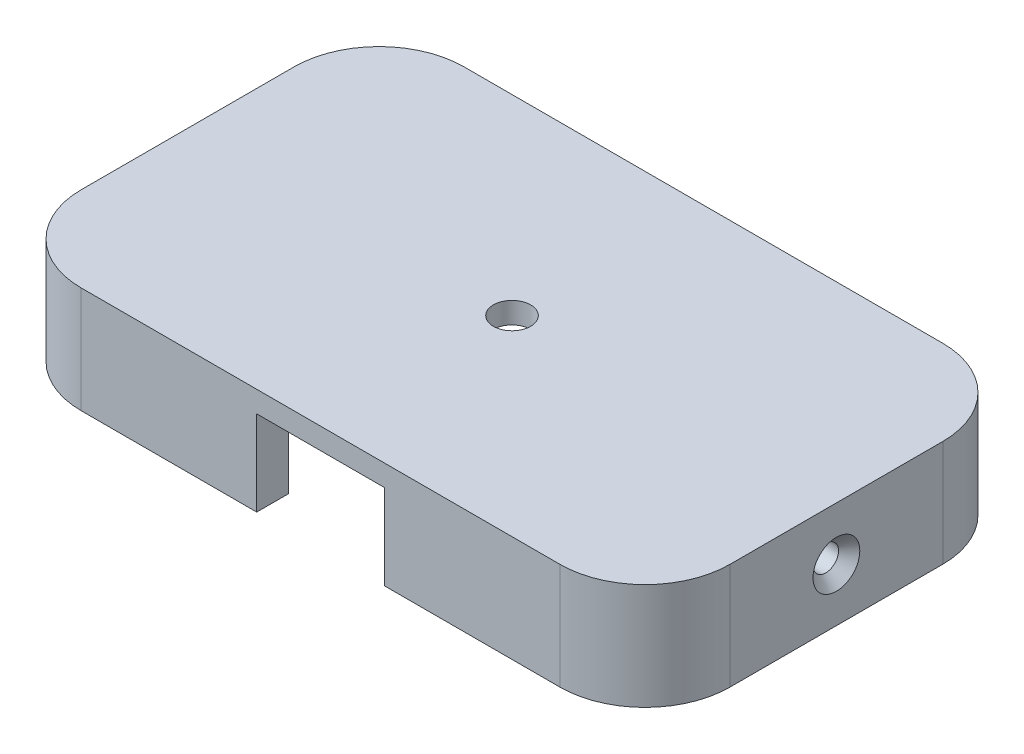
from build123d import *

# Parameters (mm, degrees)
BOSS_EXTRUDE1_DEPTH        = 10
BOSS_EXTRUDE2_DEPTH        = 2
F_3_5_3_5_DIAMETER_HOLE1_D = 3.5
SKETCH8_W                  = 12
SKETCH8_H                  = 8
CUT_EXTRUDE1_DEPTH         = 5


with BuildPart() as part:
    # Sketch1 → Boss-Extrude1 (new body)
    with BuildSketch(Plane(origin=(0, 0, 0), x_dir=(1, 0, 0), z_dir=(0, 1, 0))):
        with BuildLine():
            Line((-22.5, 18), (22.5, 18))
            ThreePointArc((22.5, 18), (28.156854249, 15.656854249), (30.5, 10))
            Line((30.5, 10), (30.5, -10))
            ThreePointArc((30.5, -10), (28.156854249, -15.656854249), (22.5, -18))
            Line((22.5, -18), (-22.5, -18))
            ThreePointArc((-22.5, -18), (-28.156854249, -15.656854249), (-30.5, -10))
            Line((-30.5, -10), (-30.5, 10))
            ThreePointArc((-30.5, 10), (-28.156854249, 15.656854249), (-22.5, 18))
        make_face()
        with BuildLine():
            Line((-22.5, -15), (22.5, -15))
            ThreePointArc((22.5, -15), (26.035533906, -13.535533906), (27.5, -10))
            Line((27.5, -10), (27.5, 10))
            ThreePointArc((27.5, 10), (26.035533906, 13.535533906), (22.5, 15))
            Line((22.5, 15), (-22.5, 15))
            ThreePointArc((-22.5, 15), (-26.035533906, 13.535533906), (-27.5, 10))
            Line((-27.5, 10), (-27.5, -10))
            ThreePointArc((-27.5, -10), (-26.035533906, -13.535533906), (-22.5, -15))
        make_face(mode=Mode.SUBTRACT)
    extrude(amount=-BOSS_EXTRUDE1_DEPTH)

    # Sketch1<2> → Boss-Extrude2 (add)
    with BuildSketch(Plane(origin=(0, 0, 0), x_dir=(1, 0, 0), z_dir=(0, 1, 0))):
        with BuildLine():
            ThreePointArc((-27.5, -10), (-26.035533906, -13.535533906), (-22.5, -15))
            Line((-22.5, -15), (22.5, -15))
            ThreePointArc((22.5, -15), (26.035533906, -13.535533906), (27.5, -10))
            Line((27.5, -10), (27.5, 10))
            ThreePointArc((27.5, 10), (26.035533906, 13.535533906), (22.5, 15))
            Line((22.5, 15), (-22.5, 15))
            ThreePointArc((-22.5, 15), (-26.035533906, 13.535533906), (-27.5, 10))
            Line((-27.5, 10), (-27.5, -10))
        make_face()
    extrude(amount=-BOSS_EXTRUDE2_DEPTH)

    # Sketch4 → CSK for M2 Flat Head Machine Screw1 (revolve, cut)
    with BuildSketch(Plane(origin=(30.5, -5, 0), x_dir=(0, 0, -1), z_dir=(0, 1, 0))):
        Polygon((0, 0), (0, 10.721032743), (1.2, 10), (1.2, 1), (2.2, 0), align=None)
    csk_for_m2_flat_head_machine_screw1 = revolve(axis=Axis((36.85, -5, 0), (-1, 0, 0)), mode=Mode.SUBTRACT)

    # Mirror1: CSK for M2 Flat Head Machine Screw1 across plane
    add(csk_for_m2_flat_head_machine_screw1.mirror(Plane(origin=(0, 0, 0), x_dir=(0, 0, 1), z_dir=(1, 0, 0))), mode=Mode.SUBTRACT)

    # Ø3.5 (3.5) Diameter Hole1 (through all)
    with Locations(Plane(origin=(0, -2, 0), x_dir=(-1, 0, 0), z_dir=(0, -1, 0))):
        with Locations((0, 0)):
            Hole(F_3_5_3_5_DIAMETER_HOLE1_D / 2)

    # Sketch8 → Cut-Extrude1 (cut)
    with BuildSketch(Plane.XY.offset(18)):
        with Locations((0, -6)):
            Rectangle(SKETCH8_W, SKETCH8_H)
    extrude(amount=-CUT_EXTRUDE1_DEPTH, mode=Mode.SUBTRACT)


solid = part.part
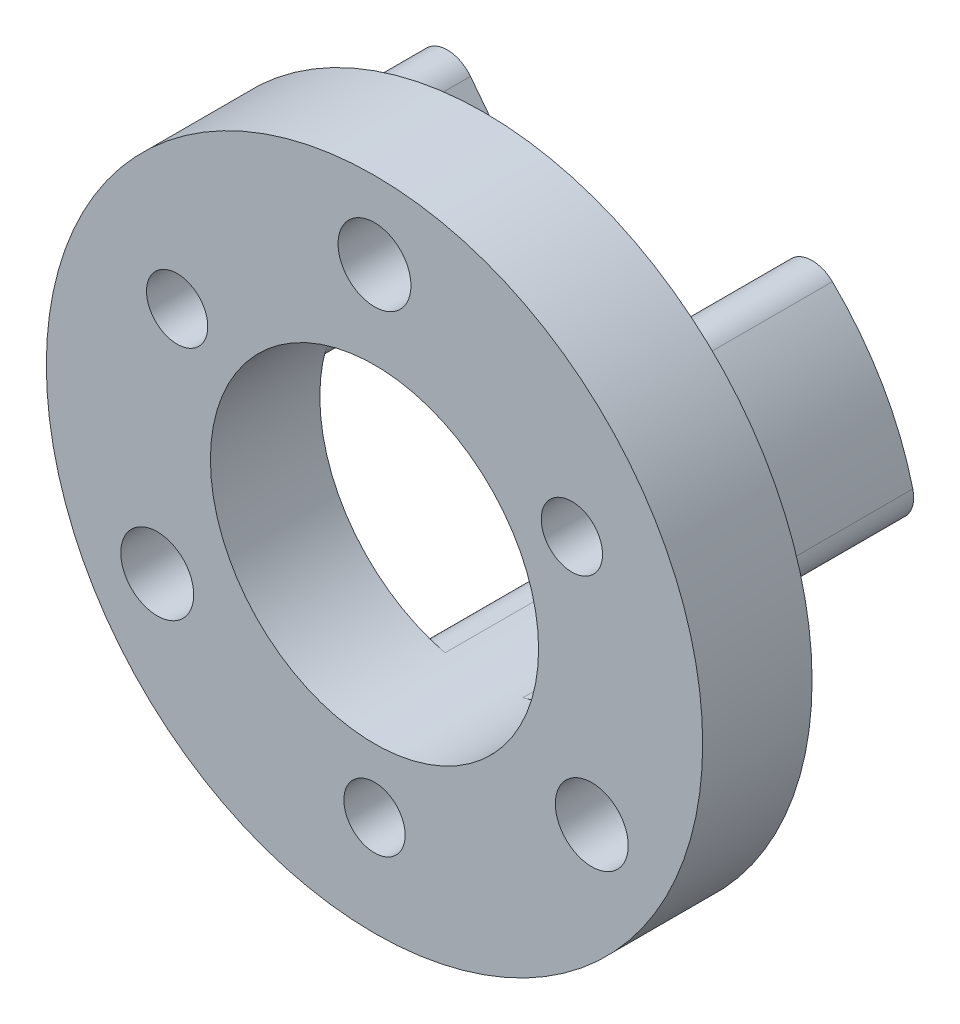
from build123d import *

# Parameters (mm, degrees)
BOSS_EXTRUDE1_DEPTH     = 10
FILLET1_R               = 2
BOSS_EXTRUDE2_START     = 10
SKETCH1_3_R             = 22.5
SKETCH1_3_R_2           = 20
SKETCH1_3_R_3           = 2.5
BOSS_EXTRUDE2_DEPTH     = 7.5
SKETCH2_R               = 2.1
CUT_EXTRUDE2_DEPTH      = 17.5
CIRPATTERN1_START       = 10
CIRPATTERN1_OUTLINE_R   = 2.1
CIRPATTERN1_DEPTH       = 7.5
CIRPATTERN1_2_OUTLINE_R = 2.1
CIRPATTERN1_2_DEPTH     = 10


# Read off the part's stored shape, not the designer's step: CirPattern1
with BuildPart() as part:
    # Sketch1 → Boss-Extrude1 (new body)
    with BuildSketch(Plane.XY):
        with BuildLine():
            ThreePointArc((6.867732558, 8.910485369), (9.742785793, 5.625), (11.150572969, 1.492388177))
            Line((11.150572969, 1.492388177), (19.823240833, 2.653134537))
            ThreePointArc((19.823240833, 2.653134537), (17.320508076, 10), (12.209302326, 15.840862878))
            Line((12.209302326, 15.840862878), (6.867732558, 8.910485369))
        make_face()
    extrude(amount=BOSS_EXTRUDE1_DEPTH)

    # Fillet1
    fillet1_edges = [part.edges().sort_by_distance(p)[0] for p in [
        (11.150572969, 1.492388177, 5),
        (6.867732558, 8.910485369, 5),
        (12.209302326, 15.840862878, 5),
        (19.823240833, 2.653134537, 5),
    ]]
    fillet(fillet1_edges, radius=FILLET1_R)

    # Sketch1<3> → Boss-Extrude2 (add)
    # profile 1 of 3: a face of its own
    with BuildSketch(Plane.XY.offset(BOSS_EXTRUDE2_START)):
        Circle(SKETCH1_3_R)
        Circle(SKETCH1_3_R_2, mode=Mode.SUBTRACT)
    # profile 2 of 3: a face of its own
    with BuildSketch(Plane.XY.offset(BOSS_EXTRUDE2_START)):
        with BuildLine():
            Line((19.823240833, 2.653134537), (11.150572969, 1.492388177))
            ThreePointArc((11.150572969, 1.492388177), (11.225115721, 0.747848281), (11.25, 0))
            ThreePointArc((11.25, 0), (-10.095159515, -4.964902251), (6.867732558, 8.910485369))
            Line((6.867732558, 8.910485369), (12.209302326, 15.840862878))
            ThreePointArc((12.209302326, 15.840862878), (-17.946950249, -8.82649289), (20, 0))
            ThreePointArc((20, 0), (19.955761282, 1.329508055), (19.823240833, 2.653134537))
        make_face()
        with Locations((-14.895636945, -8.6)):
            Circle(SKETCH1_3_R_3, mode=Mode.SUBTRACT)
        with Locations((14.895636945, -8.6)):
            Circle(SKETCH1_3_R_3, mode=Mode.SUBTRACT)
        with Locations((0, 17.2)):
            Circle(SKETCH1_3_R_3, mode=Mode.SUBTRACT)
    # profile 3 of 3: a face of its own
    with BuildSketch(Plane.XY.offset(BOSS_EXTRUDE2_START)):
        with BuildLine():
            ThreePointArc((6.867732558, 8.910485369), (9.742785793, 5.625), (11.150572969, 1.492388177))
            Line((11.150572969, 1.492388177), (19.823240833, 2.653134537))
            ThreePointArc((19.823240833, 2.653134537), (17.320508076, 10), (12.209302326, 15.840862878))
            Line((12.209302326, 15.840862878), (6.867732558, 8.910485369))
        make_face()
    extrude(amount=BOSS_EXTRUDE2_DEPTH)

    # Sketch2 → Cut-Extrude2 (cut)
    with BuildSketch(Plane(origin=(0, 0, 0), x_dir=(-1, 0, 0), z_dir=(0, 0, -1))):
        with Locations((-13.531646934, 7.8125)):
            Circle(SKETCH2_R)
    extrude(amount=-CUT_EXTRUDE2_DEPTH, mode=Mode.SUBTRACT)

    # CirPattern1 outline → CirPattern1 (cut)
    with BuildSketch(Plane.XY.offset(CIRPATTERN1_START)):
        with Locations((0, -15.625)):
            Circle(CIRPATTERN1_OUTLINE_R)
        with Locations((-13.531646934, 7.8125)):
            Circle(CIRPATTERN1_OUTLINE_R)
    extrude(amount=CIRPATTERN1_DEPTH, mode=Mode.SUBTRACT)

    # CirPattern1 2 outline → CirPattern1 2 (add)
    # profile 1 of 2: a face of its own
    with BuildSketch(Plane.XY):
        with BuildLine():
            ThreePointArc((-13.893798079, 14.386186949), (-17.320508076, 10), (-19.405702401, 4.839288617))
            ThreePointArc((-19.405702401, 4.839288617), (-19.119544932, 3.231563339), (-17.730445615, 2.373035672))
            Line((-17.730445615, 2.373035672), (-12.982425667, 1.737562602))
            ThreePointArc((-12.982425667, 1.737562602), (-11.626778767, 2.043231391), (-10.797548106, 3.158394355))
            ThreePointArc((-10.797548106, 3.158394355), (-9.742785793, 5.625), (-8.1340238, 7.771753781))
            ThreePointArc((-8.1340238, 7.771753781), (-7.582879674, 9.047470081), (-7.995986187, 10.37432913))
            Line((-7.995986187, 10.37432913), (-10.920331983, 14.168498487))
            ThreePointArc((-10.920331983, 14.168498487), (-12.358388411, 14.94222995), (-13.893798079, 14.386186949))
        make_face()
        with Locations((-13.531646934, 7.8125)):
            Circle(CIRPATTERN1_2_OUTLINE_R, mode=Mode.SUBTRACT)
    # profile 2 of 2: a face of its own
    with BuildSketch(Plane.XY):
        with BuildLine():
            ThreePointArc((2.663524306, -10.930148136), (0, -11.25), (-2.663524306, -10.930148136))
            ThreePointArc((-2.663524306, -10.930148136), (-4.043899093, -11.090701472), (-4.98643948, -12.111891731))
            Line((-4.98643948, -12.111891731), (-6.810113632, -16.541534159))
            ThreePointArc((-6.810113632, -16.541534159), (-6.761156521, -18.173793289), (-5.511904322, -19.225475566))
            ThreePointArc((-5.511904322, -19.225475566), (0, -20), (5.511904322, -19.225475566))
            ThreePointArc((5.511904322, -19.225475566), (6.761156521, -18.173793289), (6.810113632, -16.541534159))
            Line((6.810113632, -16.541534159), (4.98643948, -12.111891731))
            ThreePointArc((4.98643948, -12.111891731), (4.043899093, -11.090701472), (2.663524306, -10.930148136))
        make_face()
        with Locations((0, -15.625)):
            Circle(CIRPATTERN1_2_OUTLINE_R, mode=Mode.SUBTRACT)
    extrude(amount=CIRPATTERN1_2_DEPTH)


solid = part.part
· · ·
Please show every line above that includes the word "SUBTRACT".

Answer:
        make_face(mode=Mode.SUBTRACT)
    csk_for_m2_flat_head_machine_screw1 = revolve(axis=Axis((36.85, -5, 0), (-1, 0, 0)), mode=Mode.SUBTRACT)
    add(csk_for_m2_flat_head_machine_screw1.mirror(Plane(origin=(0, 0, 0), x_dir=(0, 0, 1), z_dir=(1, 0, 0))), mode=Mode.SUBTRACT)
    extrude(amount=-CUT_EXTRUDE1_DEPTH, mode=Mode.SUBTRACT)
        Circle(SKETCH1_3_R_2, mode=Mode.SUBTRACT)
            Circle(SKETCH1_3_R_3, mode=Mode.SUBTRACT)
            Circle(SKETCH1_3_R_3, mode=Mode.SUBTRACT)
            Circle(SKETCH1_3_R_3, mode=Mode.SUBTRACT)
    extrude(amount=-CUT_EXTRUDE2_DEPTH, mode=Mode.SUBTRACT)
    extrude(amount=CIRPATTERN1_DEPTH, mode=Mode.SUBTRACT)
            Circle(CIRPATTERN1_2_OUTLINE_R, mode=Mode.SUBTRACT)
            Circle(CIRPATTERN1_2_OUTLINE_R, mode=Mode.SUBTRACT)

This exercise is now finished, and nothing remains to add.